[[ RECORDS SHOWN, beginning ]]
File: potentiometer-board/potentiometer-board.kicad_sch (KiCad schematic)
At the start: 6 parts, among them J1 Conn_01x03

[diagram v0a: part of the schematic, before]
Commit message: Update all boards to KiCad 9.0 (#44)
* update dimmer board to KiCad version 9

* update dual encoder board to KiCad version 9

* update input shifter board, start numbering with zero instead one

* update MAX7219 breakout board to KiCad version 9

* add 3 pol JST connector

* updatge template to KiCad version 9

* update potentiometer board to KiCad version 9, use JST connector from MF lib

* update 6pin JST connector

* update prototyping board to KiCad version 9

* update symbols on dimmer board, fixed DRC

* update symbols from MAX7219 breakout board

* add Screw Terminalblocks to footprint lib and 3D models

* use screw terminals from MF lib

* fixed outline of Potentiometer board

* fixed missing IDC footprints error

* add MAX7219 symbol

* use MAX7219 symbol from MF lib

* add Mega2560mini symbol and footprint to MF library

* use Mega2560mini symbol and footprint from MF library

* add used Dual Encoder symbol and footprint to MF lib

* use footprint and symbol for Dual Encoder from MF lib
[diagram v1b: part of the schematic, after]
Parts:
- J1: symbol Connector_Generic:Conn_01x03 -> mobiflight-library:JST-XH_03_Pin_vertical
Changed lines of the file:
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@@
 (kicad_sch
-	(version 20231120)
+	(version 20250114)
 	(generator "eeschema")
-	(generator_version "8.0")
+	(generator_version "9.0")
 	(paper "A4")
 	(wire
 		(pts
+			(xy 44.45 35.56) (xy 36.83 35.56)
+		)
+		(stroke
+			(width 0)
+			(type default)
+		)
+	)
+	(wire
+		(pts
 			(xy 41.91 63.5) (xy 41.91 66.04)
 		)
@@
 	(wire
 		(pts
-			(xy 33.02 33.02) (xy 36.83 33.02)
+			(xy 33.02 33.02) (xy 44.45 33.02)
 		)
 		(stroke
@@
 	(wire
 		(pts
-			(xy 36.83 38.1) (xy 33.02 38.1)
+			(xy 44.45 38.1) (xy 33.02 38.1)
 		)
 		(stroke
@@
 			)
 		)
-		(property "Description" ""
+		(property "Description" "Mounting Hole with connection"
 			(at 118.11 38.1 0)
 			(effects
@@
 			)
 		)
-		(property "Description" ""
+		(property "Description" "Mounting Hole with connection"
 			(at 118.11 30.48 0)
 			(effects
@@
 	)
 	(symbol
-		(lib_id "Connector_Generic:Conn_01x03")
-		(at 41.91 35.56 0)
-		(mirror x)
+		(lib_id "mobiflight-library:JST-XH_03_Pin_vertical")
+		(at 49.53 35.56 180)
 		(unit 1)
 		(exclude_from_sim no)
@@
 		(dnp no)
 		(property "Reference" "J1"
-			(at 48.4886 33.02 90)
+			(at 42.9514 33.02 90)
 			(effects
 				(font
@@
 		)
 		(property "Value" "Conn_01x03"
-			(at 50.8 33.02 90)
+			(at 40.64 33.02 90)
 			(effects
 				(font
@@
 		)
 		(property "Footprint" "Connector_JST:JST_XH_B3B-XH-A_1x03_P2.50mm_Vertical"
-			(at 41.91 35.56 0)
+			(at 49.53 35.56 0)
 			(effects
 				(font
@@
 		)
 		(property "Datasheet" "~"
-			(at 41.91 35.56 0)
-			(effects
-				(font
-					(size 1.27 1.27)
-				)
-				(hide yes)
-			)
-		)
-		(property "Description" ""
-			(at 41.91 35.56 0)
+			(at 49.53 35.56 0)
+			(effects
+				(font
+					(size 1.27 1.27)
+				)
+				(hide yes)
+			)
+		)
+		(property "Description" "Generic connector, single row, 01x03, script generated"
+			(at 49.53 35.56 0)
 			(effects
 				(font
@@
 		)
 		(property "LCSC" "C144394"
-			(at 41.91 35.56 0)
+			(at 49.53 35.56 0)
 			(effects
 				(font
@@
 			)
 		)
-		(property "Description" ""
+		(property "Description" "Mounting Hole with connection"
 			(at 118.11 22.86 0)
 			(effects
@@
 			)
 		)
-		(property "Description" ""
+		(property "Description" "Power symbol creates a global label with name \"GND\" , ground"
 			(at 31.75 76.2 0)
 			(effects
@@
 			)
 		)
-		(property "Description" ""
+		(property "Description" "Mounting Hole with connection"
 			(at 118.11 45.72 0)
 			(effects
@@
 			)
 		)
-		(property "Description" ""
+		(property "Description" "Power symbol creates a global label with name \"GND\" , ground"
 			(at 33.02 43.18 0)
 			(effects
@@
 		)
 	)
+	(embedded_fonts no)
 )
[[ RECORDS SHOWN, end ]]
§ **PROBLEM REQUIREMENTS**
Exactly as shown above, return every record.

§ **RESPONSE TO THIS TASK**
File: potentiometer-board/potentiometer-board.kicad_sch (KiCad schematic)
At the start: 6 parts, among them J1 Conn_01x03

[diagram v0a: part of the schematic, before]
Commit message: Update all boards to KiCad 9.0 (#44)
* update dimmer board to KiCad version 9

* update dual encoder board to KiCad version 9

* update input shifter board, start numbering with zero instead one

* update MAX7219 breakout board to KiCad version 9

* add 3 pol JST connector

* updatge template to KiCad version 9

* update potentiometer board to KiCad version 9, use JST connector from MF lib

* update 6pin JST connector

* update prototyping board to KiCad version 9

* update symbols on dimmer board, fixed DRC

* update symbols from MAX7219 breakout board

* add Screw Terminalblocks to footprint lib and 3D models

* use screw terminals from MF lib

* fixed outline of Potentiometer board

* fixed missing IDC footprints error

* add MAX7219 symbol

* use MAX7219 symbol from MF lib

* add Mega2560mini symbol and footprint to MF library

* use Mega2560mini symbol and footprint from MF library

* add used Dual Encoder symbol and footprint to MF lib

* use footprint and symbol for Dual Encoder from MF lib
[diagram v1b: part of the schematic, after]
Parts:
- J1: symbol Connector_Generic:Conn_01x03 -> mobiflight-library:JST-XH_03_Pin_vertical
Changed lines of the file:
@@
 (kicad_sch
-	(version 20231120)
+	(version 20250114)
 	(generator "eeschema")
-	(generator_version "8.0")
+	(generator_version "9.0")
 	(paper "A4")
 	(wire
 		(pts
+			(xy 44.45 35.56) (xy 36.83 35.56)
+		)
+		(stroke
+			(width 0)
+			(type default)
+		)
+	)
+	(wire
+		(pts
 			(xy 41.91 63.5) (xy 41.91 66.04)
 		)
@@
 	(wire
 		(pts
-			(xy 33.02 33.02) (xy 36.83 33.02)
+			(xy 33.02 33.02) (xy 44.45 33.02)
 		)
 		(stroke
@@
 	(wire
 		(pts
-			(xy 36.83 38.1) (xy 33.02 38.1)
+			(xy 44.45 38.1) (xy 33.02 38.1)
 		)
 		(stroke
@@
 			)
 		)
-		(property "Description" ""
+		(property "Description" "Mounting Hole with connection"
 			(at 118.11 38.1 0)
 			(effects
@@
 			)
 		)
-		(property "Description" ""
+		(property "Description" "Mounting Hole with connection"
 			(at 118.11 30.48 0)
 			(effects
@@
 	)
 	(symbol
-		(lib_id "Connector_Generic:Conn_01x03")
-		(at 41.91 35.56 0)
-		(mirror x)
+		(lib_id "mobiflight-library:JST-XH_03_Pin_vertical")
+		(at 49.53 35.56 180)
 		(unit 1)
 		(exclude_from_sim no)
@@
 		(dnp no)
 		(property "Reference" "J1"
-			(at 48.4886 33.02 90)
+			(at 42.9514 33.02 90)
 			(effects
 				(font
@@
 		)
 		(property "Value" "Conn_01x03"
-			(at 50.8 33.02 90)
+			(at 40.64 33.02 90)
 			(effects
 				(font
@@
 		)
 		(property "Footprint" "Connector_JST:JST_XH_B3B-XH-A_1x03_P2.50mm_Vertical"
-			(at 41.91 35.56 0)
+			(at 49.53 35.56 0)
 			(effects
 				(font
@@
 		)
 		(property "Datasheet" "~"
-			(at 41.91 35.56 0)
-			(effects
-				(font
-					(size 1.27 1.27)
-				)
-				(hide yes)
-			)
-		)
-		(property "Description" ""
-			(at 41.91 35.56 0)
+			(at 49.53 35.56 0)
+			(effects
+				(font
+					(size 1.27 1.27)
+				)
+				(hide yes)
+			)
+		)
+		(property "Description" "Generic connector, single row, 01x03, script generated"
+			(at 49.53 35.56 0)
 			(effects
 				(font
@@
 		)
 		(property "LCSC" "C144394"
-			(at 41.91 35.56 0)
+			(at 49.53 35.56 0)
 			(effects
 				(font
@@
 			)
 		)
-		(property "Description" ""
+		(property "Description" "Mounting Hole with connection"
 			(at 118.11 22.86 0)
 			(effects
@@
 			)
 		)
-		(property "Description" ""
+		(property "Description" "Power symbol creates a global label with name \"GND\" , ground"
 			(at 31.75 76.2 0)
 			(effects
@@
 			)
 		)
-		(property "Description" ""
+		(property "Description" "Mounting Hole with connection"
 			(at 118.11 45.72 0)
 			(effects
@@
 			)
 		)
-		(property "Description" ""
+		(property "Description" "Power symbol creates a global label with name \"GND\" , ground"
 			(at 33.02 43.18 0)
 			(effects
@@
 		)
 	)
+	(embedded_fonts no)
 )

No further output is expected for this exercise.